The church teaches that the Kingdom of God is both a present spiritual reality and associated with the work of the apostles within the church.
===Politics===
Members of the Old Apostolic Church are not allowed to become registered members of any political parties, stand for election, or openly declare their political views. The OAC do not support any political parties. Members are however allowed to vote according to their conscience.

Officers are strictly forbidden to endorse any political party and may be removed from office if they do endorse any party.

Members must obey all laws of the countries in which they reside, even if the member is to suffer anguish.

The leadership of the Old Apostolic Church did make some submissions to the Truth and Reconciliation Commission (South Africa), and was the only Apostolic (Irvingist) Church to do so. This submission was not an admission of guilt, and the Church was not accused or found guilty of contravening any laws or international laws. The church policy stipulates that all assistance will be given to government as required by law.

==Bible==
The Old Apostolic Church recognises and uses the Authorised King James Version. All Bibles used must be comparable to the Authorised King James Version. The Afrikaanse Ou Vertaling (Hersiene Uitgawe) is used in Afrikaans-speaking congregations. In Germany the 1912 Luther Bible is used.

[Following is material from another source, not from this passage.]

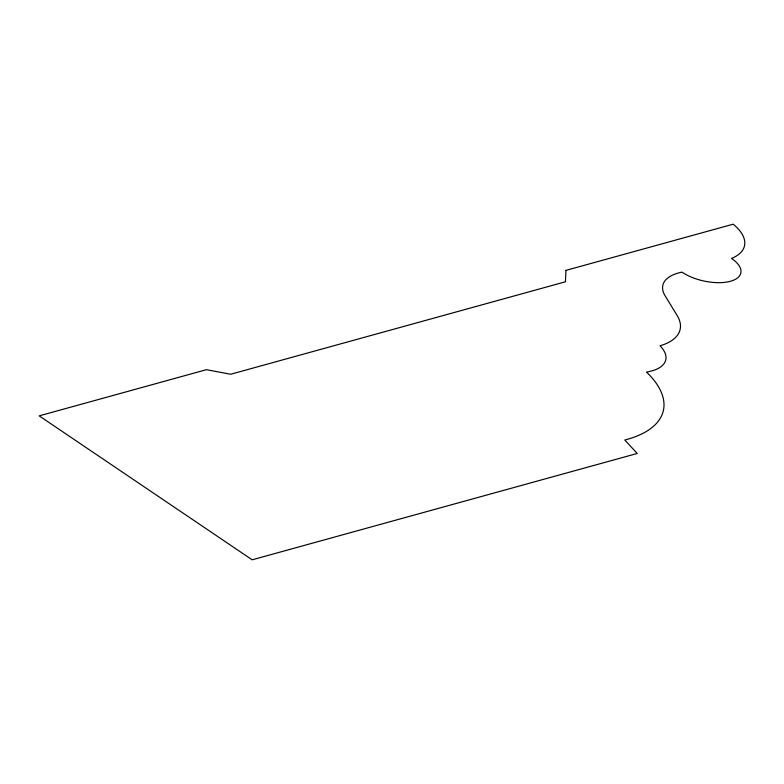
<?xml version="1.0" encoding="UTF-8"?>
<svg xmlns="http://www.w3.org/2000/svg" width="784" height="784" viewBox="0 0 784 784"><rect width="100%" height="100%" fill="white"/><g stroke="black" fill="none" stroke-linecap="round" stroke-linejoin="round"><path stroke-width="1.18" d="M565.979 270.372L565.421 281.789L230.663 374.252L206.437 369.676L39.2 415.863L252.164 559.815L637.235 453.466L624.799 440A122.147 55.831 12.8 0 0 646.486 372.057A46.834 21.413 12.8 0 0 660.001 345.793A70.07 32.026 12.8 0 0 677.102 315.423L665.087 295.764A52.214 23.863 12.8 0 1 681.962 272.136A34.957 15.974 12.8 0 0 730.414 281.28A34.957 15.974 12.8 0 0 731.531 258.446A60.564 27.685 12.8 0 0 733.216 224.185L565.979 270.372"/></g></svg>

The Old Apostolic Church Confession states: "We believe in the Holy Scriptures, the Old and the New Testament, and in the fulfillment of the promises contained therein".

===Bibles in use===
The following Bible translations are officially sanctioned by the Conference of Apostles for use in the church:
- Afrikaans: Bybel in Afrikaans (1933–1953)
- English: King James Version (1611)
- English: New King James Version (Thomas Nelson – 1983)
- Dutch: Staten Generaal (1618 and 1619)
- German: The Bible in German - Bible text translation by Martin Luther - (1912 and 1984 Revision)
- Portuguese: The Bible in Portuguese (A Biblia Sagrada; Contendo o Velho e o Novo Testamento) 1100 Lisbon, Portugal
- Sepedi: The Bible in Northern Sotho (1951 and 1986)
- Sesotho: The Bible in Southern Sotho (Biblele E Halalelang, 1961 and 1983)
- Setswana: The Bible in Tswana (Baebele E E Boitshepo, 1908–1992)
- Xitsonga: The Bible in Xitsonga (Bibele Yi NEA; Testamente Ya Khale Ni Le'yint_ha 1929–1987)
- Xhosa: The Bible in Xhosa (Incwadi Yezibhalo Ezingcwele, 1971)
- Zulu: The Bible in Zulu (First SA Edition, 1977)

All other Bible translations in other languages may be used, with the permission of the local Forum of Apostles if it compares with the Authorised King James Version.